Тогда она из последних сил, путем сложных движений пальцами, доставала футляр, клала его себе на грудь, открывала и впивалась глазами в черный бархат на котором лежал крупный, старинного гранения, бриллиант. Камень ее утешал. Он был ее единственным другом. Он ей светил, он ее убаюкивал. Злоба переставала ее душить. Дыхание ее становилось ровнее. Она засыпала, плотно прильнув костлявыми пальцами к футляру.

II

Не так далеко от набережной, в улице, пролегшей между задворками дворцов, в маленькой, неказистой на вид лавочке жил ювелир. Это был глубокий старик с подвижными глазами и каменным, красным лицом. Всю свою жизнь провел он над камнями. Итальянский еврей, он вышел из темных лавчонок Понте-Веккио в Флоренции, где, как нигде в мире, понимают, что такое драгоценные камни в жизни человеческой. Оттуда он вынес свою страсть к камням. В его черных глазах отразились и остались, казалось, лучи всех прошедших перед ними алмазов, рубинов, изумрудов, сапфиров, александритов. Может быть, он не так любил сами камни, как запечатленные в них людские страсти, падения, предательства, преступления. Он верил, что нет ни одного порядочного бриллианта, не запечатленного убийством. Он веровал, что только кровь, пролитая за камень, дает ему настоящий блеск. Он знал, что для камня можно все сделать. Кража камней была в его глазах добродетелью… У него не украли ни одного камня, так он их берег. Но если б украли, он уважал бы вора.
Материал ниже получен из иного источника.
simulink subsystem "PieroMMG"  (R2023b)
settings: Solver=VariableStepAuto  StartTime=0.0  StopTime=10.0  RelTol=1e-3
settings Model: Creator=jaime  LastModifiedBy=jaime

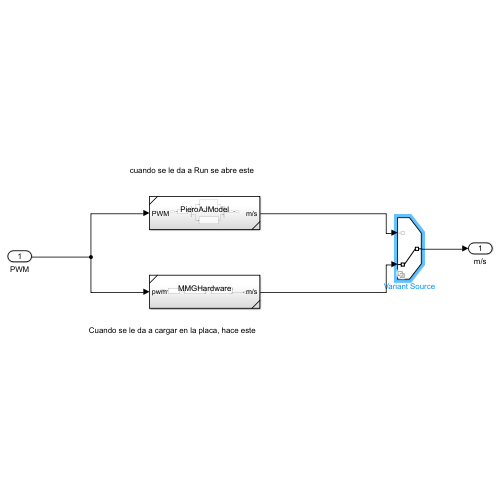
[thumbnail: Simulink's stored preview of the top-level diagram]
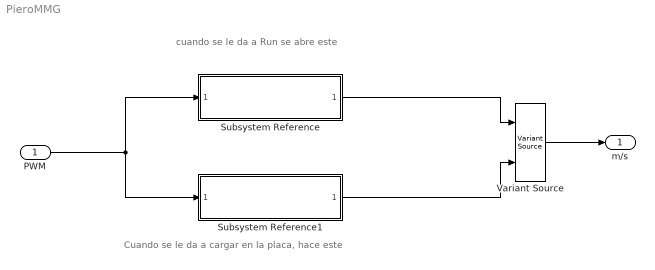
== system PieroMMG ==
  note: Cuando se le da a cargar en la placa, hace este
  note: cuando se le da a Run se abre este
  PWM : Inport
  Subsystem Reference : Subsystem  ReferencedSubsystem=PieroAJModel
  Subsystem Reference1 : Subsystem  ReferencedSubsystem=MMGHardware
  Variant Source : VariantSource  VariantControlMode=sim codegen switching
  m/s : Outport
  wires:
  Subsystem Reference1/1 -> Variant Source/2
  Subsystem Reference/1 -> Variant Source/1
  Variant Source/1 -> m/s/1
  PWM/1 -> Subsystem Reference1/1, Subsystem Reference/1

Как хищный сыщик, выслеживал он владельцев камней. Были у него древние книги с биографиями бриллиантов. И сам он вел такую ж книгу. Лет двадцать, как стала ему изменять память, а до этого он знал все бриллианты Петрограда. Он мог бы иметь огромное состояние, быть первым ювелиром столицы, но он презирал оправу. Вынуть камень из кольца, из ожерелья, из похожих на птичьи когти тисков золота, было для него священнодействием, подобным тому, какое совершают, выпуская весной птицу на волю, освобождая узника. Сколько он уничтожил, изломал оправ! Это был полусумасшедший старик, потому что он лечил камни, замученные оправой, холил их, лелеял, подвергал их особому режиму, держа то в вате, то в замше, то в хрустале. Ювелиров с Невского и Морской он презирал и ни одному из них не уступил ни одного камня. Его лавочку знали немногие. Он был большим другом одного из первых русских символистов. Последнее время, когда началась бешеная скупка бриллиантов, в его лавку стали заходить люди, каких он раньше не видал. Нельзя сказать, чтобы встречал он их приветливо. Это были новые для него люди, спекулянты, нажившие себе капиталы, поставщики армий, банкиры, биржевики, подставные лица больших чиновников, это была свора тех людей, которые, как пиявки, присосались к миллиардам, выбрасываемым на войну, и высасывали свои миллионы.